The Baltics: As mentioned previously the EUR720mn Baltic project is to be one of many developments linking the Baltic Sea states together and includes projects in Estonia, Latvia and Lithuania. The aim is to bind these states more closely with the European synchronous system adding flexibility and potential the ability to install greater volumes of renewable power of their own. We highlight that these markets have been in the process of uncoupling their grid from Russia and as such were in the danger of becoming marginalised in the wider European system. The region’s states, Denmark, Germany, Estonia, Latvia, Lithuania, Poland, Finland and Sweden, have also agreed to further collaborate in the Baltic Energy Market Interconnection Plan (BEMIP). The group aims to jointly commit to foster hybrid offshore wind projects, smart grids and crucially energy system integration. The group aims to draft a work programme for offshore wind development in the Baltic Sea which will for a core focus of their NECP’s s as well as broader EU policy developments. Within the region we highlight that Estonia, is set to add 2.7GW of renewable capacity over the decade with the sector set to represent 72% of total installed capacity.

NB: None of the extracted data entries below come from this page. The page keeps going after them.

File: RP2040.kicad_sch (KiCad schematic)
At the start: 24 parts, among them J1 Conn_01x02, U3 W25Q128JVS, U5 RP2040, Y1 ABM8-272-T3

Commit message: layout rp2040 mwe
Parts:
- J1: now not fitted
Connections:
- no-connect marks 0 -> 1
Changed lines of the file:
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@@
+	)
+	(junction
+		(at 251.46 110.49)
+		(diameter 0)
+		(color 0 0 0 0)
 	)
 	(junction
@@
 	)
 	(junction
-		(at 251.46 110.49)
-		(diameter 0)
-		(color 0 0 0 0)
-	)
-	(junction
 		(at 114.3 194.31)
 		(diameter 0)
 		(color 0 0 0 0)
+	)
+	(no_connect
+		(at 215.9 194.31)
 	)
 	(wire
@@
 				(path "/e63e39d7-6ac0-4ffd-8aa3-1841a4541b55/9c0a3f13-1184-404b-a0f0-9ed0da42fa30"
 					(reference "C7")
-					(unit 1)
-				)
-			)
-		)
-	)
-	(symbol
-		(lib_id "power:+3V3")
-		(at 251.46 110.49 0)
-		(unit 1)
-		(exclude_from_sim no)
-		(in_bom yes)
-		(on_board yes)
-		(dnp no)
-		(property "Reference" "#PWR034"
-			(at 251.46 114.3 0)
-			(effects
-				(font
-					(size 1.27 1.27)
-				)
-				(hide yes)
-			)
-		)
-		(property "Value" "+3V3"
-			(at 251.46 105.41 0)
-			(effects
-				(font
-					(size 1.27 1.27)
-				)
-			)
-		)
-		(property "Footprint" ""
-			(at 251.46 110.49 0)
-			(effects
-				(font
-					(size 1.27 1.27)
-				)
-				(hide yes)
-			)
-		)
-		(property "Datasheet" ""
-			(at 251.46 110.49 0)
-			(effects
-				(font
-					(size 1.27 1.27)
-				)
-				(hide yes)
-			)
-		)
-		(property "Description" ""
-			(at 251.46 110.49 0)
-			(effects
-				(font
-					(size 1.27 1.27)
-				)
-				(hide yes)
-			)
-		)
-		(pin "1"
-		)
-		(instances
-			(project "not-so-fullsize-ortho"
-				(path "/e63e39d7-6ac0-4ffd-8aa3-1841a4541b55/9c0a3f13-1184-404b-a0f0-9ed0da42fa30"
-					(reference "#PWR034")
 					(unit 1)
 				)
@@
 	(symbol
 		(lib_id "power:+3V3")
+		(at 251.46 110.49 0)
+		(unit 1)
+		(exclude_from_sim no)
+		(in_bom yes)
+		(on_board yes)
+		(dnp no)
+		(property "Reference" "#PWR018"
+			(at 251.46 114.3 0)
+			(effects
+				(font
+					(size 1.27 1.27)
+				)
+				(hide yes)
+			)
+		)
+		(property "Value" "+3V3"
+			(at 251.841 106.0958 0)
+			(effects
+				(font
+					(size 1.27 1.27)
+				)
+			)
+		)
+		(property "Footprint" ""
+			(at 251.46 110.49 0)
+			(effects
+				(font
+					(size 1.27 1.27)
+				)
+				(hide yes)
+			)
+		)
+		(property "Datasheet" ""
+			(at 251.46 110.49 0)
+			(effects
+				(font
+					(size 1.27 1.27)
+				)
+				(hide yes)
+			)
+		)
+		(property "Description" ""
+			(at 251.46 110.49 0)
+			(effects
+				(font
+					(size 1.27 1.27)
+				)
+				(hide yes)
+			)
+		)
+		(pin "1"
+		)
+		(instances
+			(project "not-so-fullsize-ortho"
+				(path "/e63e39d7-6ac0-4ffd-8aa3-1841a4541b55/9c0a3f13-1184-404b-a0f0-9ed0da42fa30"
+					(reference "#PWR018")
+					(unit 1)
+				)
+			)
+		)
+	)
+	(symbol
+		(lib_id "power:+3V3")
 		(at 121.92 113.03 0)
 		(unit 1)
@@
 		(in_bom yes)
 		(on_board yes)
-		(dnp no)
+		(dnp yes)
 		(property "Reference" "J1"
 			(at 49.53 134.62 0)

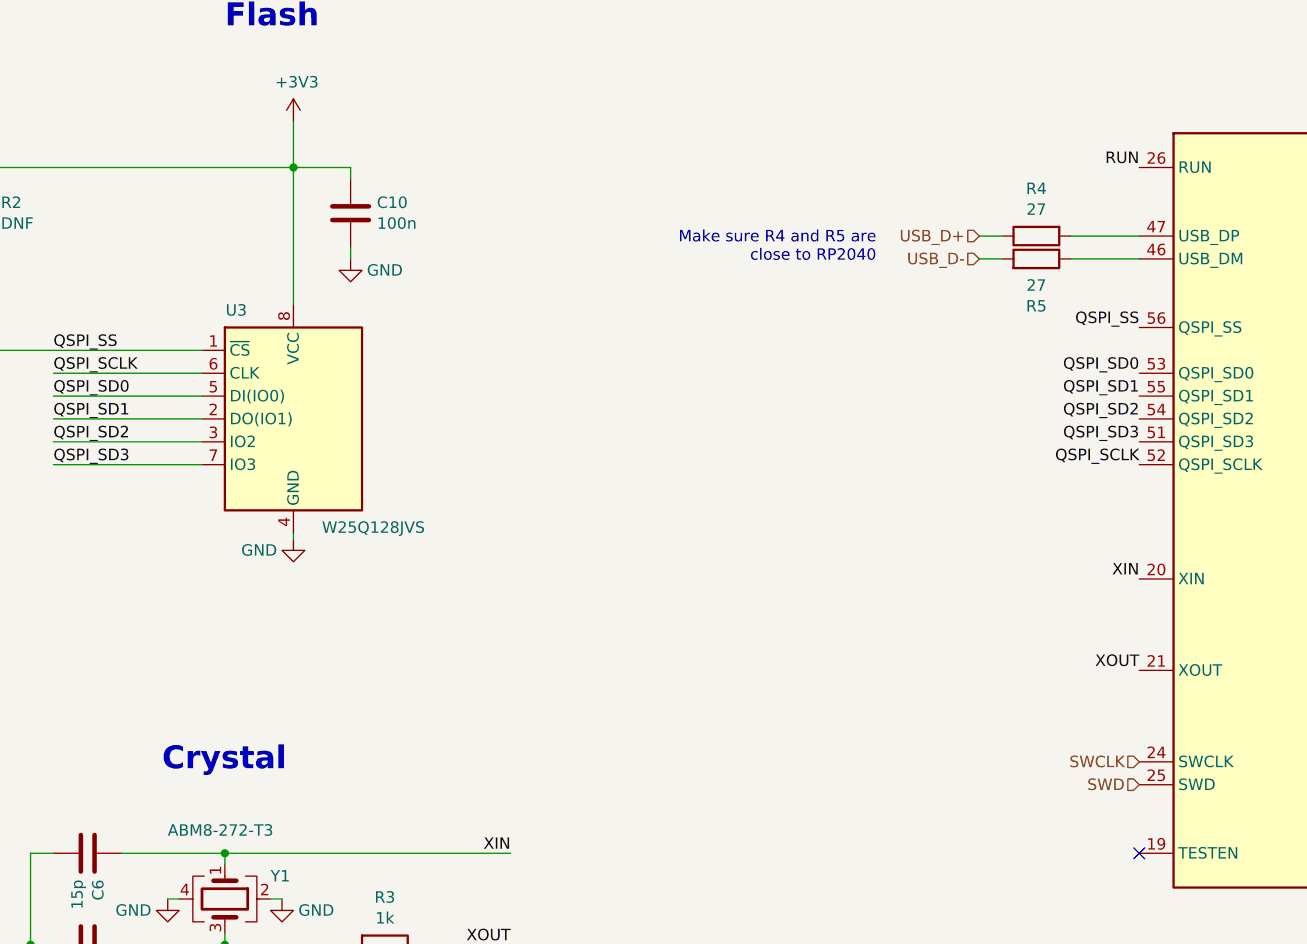
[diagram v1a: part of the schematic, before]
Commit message: routing, rotate leds to make tracks easier
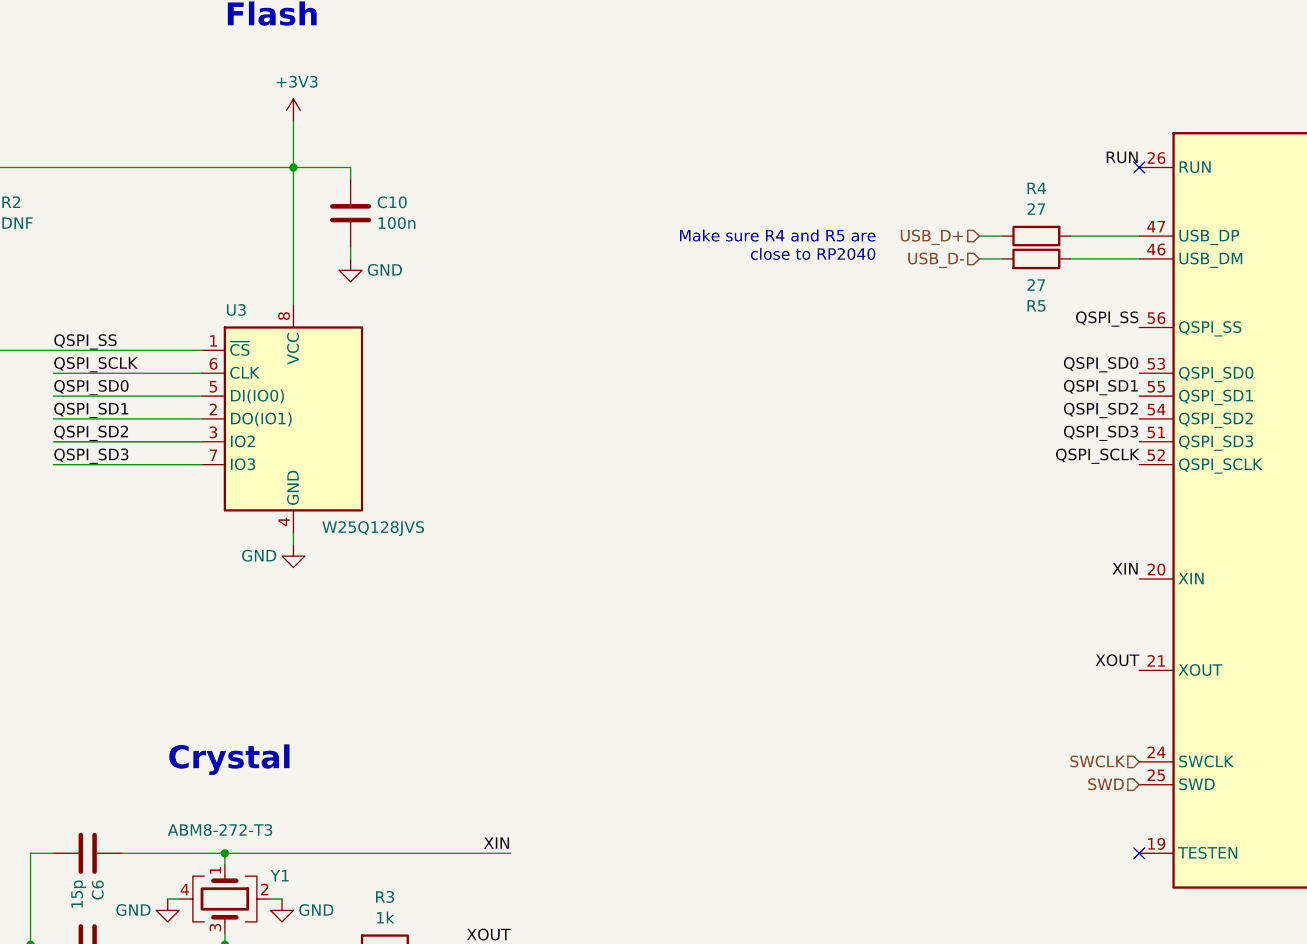
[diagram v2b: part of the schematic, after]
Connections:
- no-connect marks 1 -> 2
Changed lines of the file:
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@@
 		(at 215.9 194.31)
 	)
+	(no_connect
+		(at 215.9 118.11)
+	)
 	(wire
 		(pts
@@
 	(wire
 		(pts
-			(xy 121.92 159.385) (xy 121.92 158.75)
+			(xy 121.92 160.02) (xy 121.92 158.75)
 		)
 		(stroke
@@
 	(text "Crystal"
 		(exclude_from_sim no)
-		(at 107.315 185.42 0)
+		(at 107.95 185.42 0)
 		(effects
 			(font
@@
 			)
 		)
-		(property "Description" ""
+		(property "Description" "Power symbol creates a global label with name \"GND\" , ground"
 			(at 57.15 142.24 0)
 			(effects
@@
 			)
 		)
-		(property "Description" ""
+		(property "Description" "Power symbol creates a global label with name \"+3V3\""
 			(at 389.89 57.15 0)
 			(effects
@@
 			)
 		)
-		(property "Description" ""
+		(property "Description" "Power symbol creates a global label with name \"GND\" , ground"
 			(at 304.8 39.37 0)
 			(effects
@@
 			)
 		)
-		(property "Description" ""
+		(property "Description" "Power symbol creates a global label with name \"+1V1\""
 			(at 332.74 29.21 0)
 			(effects
@@
 			)
 		)
-		(property "Description" ""
+		(property "Description" "Power symbol creates a global label with name \"GND\" , ground"
 			(at 332.74 40.64 0)
 			(effects
@@
 			)
 		)
-		(property "Description" ""
+		(property "Description" "Power symbol creates a global label with name \"+3V3\""
 			(at 251.46 110.49 0)
 			(effects
@@
 			)
 		)
-		(property "Description" ""
+		(property "Description" "Power symbol creates a global label with name \"+3V3\""
 			(at 121.92 113.03 0)
 			(effects
@@
 			)
 		)
-		(property "Description" ""
+		(property "Description" "Power symbol creates a global label with name \"GND\" , ground"
 			(at 107.95 199.39 0)
 			(effects
@@
 			)
 		)
-		(property "Description" ""
+		(property "Description" "Power symbol creates a global label with name \"GND\" , ground"
 			(at 389.89 71.12 0)
 			(effects
@@
 			)
 		)
-		(property "Description" ""
+		(property "Description" "Power symbol creates a global label with name \"GND\" , ground"
 			(at 304.8 68.58 0)
 			(effects
@@
 	(symbol
 		(lib_id "power:GND")
-		(at 121.92 159.385 0)
+		(at 121.92 160.02 0)
 		(unit 1)
 		(exclude_from_sim no)
@@
 		(dnp no)
 		(property "Reference" "#PWR013"
-			(at 121.92 165.735 0)
+			(at 121.92 166.37 0)
 			(effects
 				(font
@@
 		)
 		(property "Value" "GND"
-			(at 118.11 160.655 0)
+			(at 118.11 161.29 0)
 			(effects
 				(font
@@
 		)
 		(property "Footprint" ""
-			(at 121.92 159.385 0)
+			(at 121.92 160.02 0)
 			(effects
 				(font
@@
 		)
 		(property "Datasheet" ""
-			(at 121.92 159.385 0)
+			(at 121.92 160.02 0)
 			(effects
 				(font
@@
 			)
 		)
-		(property "Description" ""
-			(at 121.92 159.385 0)
+		(property "Description" "Power symbol creates a global label with name \"GND\" , ground"
+			(at 121.92 160.02 0)
 			(effects
 				(font
@@
 			)
 		)
-		(property "Description" ""
+		(property "Description" "Power symbol creates a global label with name \"GND\" , ground"
 			(at 389.89 102.87 0)
 			(effects
@@
 			)
 		)
-		(property "Description" ""
+		(property "Description" "Power symbol creates a global label with name \"GND\" , ground"
 			(at 92.71 207.01 0)
 			(effects
@@
 			)
 		)
-		(property "Description" ""
+		(property "Description" "Power symbol creates a global label with name \"+3V3\""
 			(at 389.89 91.44 0)
 			(effects
@@
 			)
 		)
-		(property "Description" ""
+		(property "Description" "Power symbol creates a global label with name \"GND\" , ground"
 			(at 128.27 128.27 0)
 			(effects
@@
 			)
 		)
-		(property "Description" ""
+		(property "Description" "Power symbol creates a global label with name \"GND\" , ground"
 			(at 120.65 199.39 0)
 			(effects
@@
 			)
 		)
-		(property "Description" ""
+		(property "Description" "Power symbol creates a global label with name \"GND\" , ground"
 			(at 241.3 201.93 0)
 			(effects
@@
 			)
 		)
-		(property "Description" ""
+		(property "Description" "Power symbol creates a global label with name \"+1V1\""
 			(at 238.76 110.49 0)
 			(effects

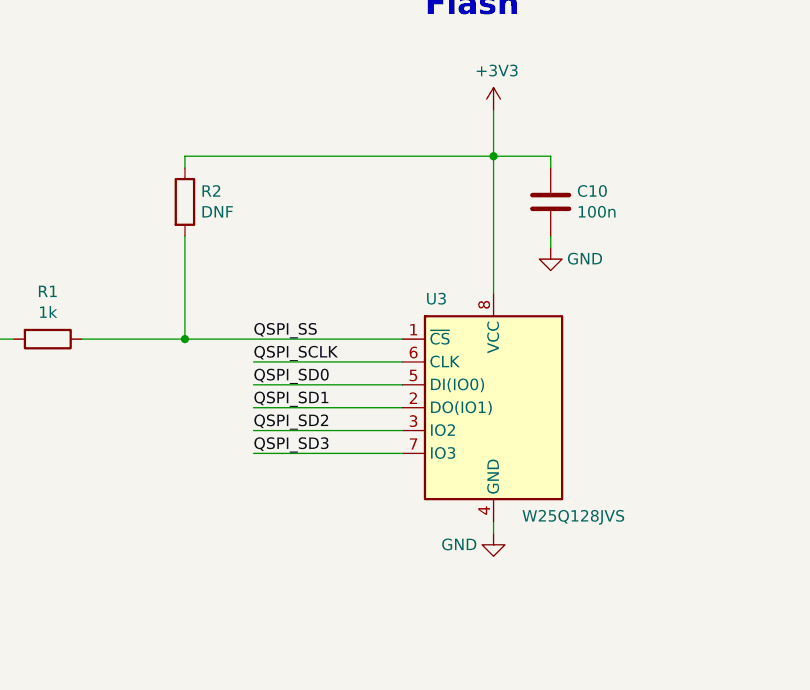
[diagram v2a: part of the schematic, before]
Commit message: add part nums for bom
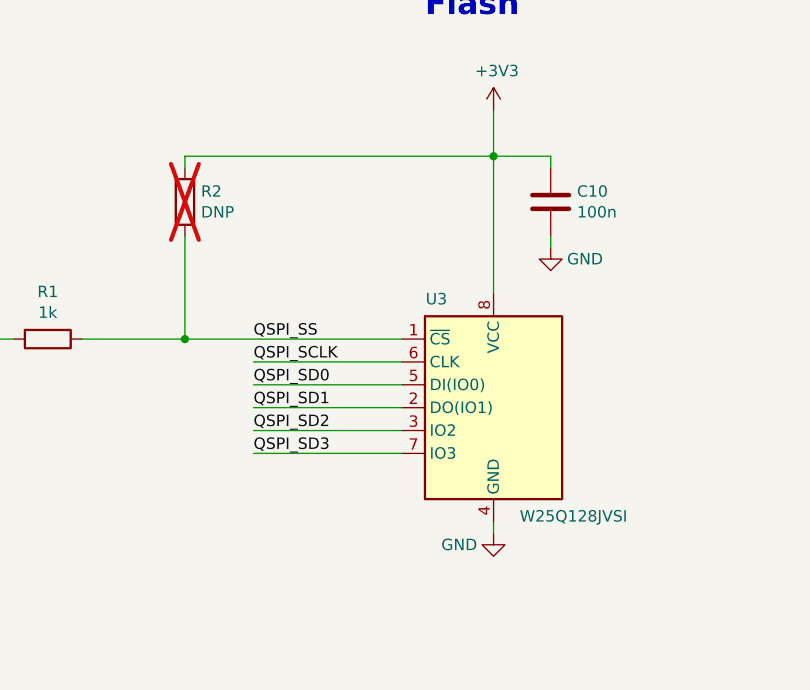
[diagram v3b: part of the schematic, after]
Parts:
- C10, C11, C12, C14, C16, C17, C18, C19, C20, C21: LCSC (none) -> C1525; MPN (none) -> CL05B104KO5NNNC; Manufacturer (none) -> Samsung Electro-Mechanics; Type (none) -> SMD
- C13, C15: LCSC (none) -> C14445; MPN (none) -> CL05A105KP5NNNC; Manufacturer (none) -> Samsung Electro-Mechanics; Type (none) -> SMD
- C22: LCSC (none) -> C15850; MPN (none) -> CL21A106KAYNNNE; Manufacturer (none) -> Samsung Electro-Mechanics; Type (none) -> SMD
- C6, C7: LCSC (none) -> C86285; MPN (none) -> CL05C150JB5NNNC; Manufacturer (none) -> Samsung Electro-Mechanics; Type (none) -> SMD
- J1: Type (none) -> DNS
- R1, R3: LCSC (none) -> C11702; MPN (none) -> 0402WGF1001TCE; Manufacturer (none) -> UNIROYAL; Type (none) -> SMD
- R2: value DNF -> DNP; Type (none) -> DNS; now not fitted
- R4, R5: LCSC (none) -> C25156; MPN (none) -> 0402WGJ0270TCE; Manufacturer (none) -> UNIROYAL; Type (none) -> SMD
- U3: value W25Q128JVS -> W25Q128JVSI; Comment (none) -> Do Not Substitute; LCSC (none) -> C97521; MPN (none) -> W25Q128JVSIQ; Manufacturer (none) -> Winbond Elec; Type (none) -> SMD
- U5: Comment (none) -> Do Not Substitute; LCSC (none) -> C2040; MPN (none) -> RP2040; Manufacturer (none) -> Raspberry Pi Foundation; Type (none) -> SMD
- Y1: Comment (none) -> Do Not Substitute; LCSC (none) -> C20625731; MPN (none) -> ABM8-272-T3; Manufacturer (none) -> Abracon LLC; Type (none) -> SMD

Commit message: usb changes for high power (leds)
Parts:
- renumbered C17 to C51, C12 to C56, C13 to C57, C15 to C58, C20 to C59, C19 to C60, C21 to C63, C16 to C71, C14 to C72, C18 to C73, C10 to C74, C6 to C75, C7 to C76, C11 to C77, C22 to C78, R1 to R6, R2 to R7, R3 to R9, U5 to U4
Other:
- title: (none) -> Raspberry Pi Pico RP2040 MCU Circuit
- moved on the sheet: C51, C56, C57, C58, C59, C60, C63, C71, C72, C73, C74, C75

However, increased interconnectivity could expose thermal generators to increased risks. Increased downside risks could be posed to the developers of oil, gas and coal generators who, in an increasingly renewables-dominated market, could see diminished opportunities for development. We highlight that added pressure will brought on by the European parliament voting to increase the emissions reduction target for 2030 to 60% instead of 40%, the current target. We believe this will give greater impetus for renewable growth targets and emissions reduction. As markets in the EU become more closely interlinked power trading will favour cheap, low-carbon sources. Despite gas generators offering flexibility and the ability to trade on the more valuable intra day market, a reduction in the hours of operation as more renewables come online could damage profitability. Although not yet reality, a single European energy market is being pursued by the region and would mean a more centralised policy on issues such as interconection, power trade and decarbonisation.